Exercise description: Check each line of the material. Copy those containing "FLOR".
(Available data)
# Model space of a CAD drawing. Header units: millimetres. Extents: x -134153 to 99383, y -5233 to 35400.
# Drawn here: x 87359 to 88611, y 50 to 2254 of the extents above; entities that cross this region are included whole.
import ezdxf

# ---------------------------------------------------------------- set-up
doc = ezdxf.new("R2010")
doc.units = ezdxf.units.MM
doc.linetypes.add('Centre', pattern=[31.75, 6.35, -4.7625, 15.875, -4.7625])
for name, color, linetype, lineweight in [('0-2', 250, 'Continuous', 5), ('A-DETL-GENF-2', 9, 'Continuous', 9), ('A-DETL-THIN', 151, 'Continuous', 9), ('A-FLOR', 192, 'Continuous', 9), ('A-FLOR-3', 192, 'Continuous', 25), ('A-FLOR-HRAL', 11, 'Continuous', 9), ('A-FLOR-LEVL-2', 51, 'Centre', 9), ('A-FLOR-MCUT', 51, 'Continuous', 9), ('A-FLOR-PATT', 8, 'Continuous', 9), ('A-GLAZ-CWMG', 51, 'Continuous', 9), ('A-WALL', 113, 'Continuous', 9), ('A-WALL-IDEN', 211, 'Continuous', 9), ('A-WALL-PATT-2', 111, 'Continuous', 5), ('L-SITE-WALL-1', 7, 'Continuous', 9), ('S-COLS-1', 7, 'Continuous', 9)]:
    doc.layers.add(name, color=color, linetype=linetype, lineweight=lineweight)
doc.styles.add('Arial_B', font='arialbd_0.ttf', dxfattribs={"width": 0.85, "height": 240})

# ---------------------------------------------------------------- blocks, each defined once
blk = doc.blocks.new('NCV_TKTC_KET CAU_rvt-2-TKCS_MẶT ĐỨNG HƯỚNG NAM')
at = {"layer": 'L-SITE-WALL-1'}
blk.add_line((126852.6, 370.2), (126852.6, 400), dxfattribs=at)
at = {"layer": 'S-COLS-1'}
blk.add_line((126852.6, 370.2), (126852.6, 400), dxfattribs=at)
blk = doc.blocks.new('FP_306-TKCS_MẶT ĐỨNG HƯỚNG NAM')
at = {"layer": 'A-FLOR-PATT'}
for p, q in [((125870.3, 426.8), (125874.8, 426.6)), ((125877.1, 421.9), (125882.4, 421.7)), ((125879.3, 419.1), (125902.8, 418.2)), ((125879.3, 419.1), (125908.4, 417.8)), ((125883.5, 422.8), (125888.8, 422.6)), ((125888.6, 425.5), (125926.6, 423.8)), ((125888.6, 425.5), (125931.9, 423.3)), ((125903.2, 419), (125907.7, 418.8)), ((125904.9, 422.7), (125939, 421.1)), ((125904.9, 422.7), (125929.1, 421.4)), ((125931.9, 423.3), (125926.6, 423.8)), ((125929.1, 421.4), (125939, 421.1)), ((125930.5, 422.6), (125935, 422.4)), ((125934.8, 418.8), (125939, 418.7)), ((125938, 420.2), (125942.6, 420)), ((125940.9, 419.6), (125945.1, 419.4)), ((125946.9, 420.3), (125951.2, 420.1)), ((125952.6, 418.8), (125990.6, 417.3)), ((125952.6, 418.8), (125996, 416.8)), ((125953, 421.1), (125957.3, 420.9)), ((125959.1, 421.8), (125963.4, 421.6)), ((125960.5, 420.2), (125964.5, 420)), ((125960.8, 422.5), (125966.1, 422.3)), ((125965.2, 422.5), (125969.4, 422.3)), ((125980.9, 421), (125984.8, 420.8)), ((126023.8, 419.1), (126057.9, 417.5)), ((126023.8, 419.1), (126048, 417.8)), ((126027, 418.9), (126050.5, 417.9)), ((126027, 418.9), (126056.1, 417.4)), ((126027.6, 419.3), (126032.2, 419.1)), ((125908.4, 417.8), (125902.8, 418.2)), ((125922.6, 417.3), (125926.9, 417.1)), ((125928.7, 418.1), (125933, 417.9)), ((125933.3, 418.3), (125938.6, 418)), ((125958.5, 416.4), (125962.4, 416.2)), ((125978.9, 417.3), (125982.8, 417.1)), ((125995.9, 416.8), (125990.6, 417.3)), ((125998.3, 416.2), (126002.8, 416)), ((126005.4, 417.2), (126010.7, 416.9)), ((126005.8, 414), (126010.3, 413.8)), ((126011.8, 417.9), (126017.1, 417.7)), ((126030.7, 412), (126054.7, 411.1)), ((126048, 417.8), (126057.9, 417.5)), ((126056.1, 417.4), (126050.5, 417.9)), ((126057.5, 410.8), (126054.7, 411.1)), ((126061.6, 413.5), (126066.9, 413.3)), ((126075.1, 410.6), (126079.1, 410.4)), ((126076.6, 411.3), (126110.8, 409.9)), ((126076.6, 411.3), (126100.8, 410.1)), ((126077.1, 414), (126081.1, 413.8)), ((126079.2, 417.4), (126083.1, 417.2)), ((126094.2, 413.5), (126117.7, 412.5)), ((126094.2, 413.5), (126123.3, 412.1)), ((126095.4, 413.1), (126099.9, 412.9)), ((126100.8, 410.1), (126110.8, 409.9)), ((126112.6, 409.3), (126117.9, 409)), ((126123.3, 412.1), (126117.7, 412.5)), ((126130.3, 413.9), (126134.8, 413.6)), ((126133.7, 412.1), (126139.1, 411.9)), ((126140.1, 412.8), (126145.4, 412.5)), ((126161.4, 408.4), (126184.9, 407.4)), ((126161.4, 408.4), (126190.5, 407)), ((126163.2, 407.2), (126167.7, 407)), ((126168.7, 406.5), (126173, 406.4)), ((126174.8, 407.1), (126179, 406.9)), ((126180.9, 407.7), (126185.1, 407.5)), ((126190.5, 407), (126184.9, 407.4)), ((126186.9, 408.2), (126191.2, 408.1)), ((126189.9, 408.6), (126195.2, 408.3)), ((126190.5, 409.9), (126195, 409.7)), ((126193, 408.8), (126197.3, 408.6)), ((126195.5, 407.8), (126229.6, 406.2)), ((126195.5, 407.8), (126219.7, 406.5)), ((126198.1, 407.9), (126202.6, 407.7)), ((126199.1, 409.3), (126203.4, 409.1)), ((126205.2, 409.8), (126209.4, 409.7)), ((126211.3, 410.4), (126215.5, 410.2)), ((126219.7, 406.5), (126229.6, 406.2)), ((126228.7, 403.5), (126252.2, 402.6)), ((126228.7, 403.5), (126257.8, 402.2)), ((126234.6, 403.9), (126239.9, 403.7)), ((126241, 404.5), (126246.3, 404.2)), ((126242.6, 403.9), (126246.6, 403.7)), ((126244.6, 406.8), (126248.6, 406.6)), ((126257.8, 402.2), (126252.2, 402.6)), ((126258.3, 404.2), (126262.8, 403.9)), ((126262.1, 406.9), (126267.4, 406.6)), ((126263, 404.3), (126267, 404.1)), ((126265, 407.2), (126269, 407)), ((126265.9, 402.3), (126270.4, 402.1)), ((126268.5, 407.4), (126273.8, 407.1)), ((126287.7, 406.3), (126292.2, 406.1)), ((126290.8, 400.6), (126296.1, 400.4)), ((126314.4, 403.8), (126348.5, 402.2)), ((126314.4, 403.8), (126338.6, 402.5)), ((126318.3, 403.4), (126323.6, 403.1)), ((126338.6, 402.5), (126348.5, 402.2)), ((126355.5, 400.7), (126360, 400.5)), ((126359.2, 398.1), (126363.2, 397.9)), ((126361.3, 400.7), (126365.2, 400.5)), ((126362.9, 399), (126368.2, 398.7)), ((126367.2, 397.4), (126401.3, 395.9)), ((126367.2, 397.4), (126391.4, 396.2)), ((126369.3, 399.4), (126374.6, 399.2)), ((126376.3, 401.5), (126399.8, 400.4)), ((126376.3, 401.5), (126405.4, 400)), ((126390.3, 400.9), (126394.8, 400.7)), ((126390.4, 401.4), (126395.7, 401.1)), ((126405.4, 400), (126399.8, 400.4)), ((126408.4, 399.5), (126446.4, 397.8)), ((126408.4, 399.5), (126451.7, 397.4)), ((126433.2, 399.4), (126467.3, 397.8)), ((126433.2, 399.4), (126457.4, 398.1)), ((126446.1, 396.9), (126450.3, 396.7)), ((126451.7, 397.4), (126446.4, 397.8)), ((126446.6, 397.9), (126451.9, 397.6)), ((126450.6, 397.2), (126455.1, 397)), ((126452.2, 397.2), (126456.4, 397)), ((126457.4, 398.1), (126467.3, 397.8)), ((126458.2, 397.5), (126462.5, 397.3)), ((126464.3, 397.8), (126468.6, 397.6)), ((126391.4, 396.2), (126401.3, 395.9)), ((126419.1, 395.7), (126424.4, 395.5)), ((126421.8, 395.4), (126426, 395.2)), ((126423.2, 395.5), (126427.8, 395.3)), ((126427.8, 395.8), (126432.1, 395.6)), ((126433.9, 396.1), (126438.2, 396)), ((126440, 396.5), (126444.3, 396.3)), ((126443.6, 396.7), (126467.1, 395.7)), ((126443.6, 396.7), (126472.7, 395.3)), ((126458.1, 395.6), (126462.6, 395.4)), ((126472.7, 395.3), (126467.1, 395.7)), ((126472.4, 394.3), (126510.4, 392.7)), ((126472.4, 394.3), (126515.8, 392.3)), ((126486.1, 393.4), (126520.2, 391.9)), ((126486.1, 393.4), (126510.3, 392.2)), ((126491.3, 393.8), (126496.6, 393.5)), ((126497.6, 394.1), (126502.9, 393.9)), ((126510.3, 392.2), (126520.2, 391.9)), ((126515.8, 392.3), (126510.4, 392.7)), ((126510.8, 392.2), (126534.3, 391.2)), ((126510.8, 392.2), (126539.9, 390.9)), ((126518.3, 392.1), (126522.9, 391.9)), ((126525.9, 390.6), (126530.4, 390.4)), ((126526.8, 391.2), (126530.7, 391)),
(End Available data)
Solution to this exercise:
for name, color, linetype, lineweight in [('0-2', 250, 'Continuous', 5), ('A-DETL-GENF-2', 9, 'Continuous', 9), ('A-DETL-THIN', 151, 'Continuous', 9), ('A-FLOR', 192, 'Continuous', 9), ('A-FLOR-3', 192, 'Continuous', 25), ('A-FLOR-HRAL', 11, 'Continuous', 9), ('A-FLOR-LEVL-2', 51, 'Centre', 9), ('A-FLOR-MCUT', 51, 'Continuous', 9), ('A-FLOR-PATT', 8, 'Continuous', 9), ('A-GLAZ-CWMG', 51, 'Continuous', 9), ('A-WALL', 113, 'Continuous', 9), ('A-WALL-IDEN', 211, 'Continuous', 9), ('A-WALL-PATT-2', 111, 'Continuous', 5), ('L-SITE-WALL-1', 7, 'Continuous', 9), ('S-COLS-1', 7, 'Continuous', 9)]:
at = {"layer": 'A-FLOR-PATT'}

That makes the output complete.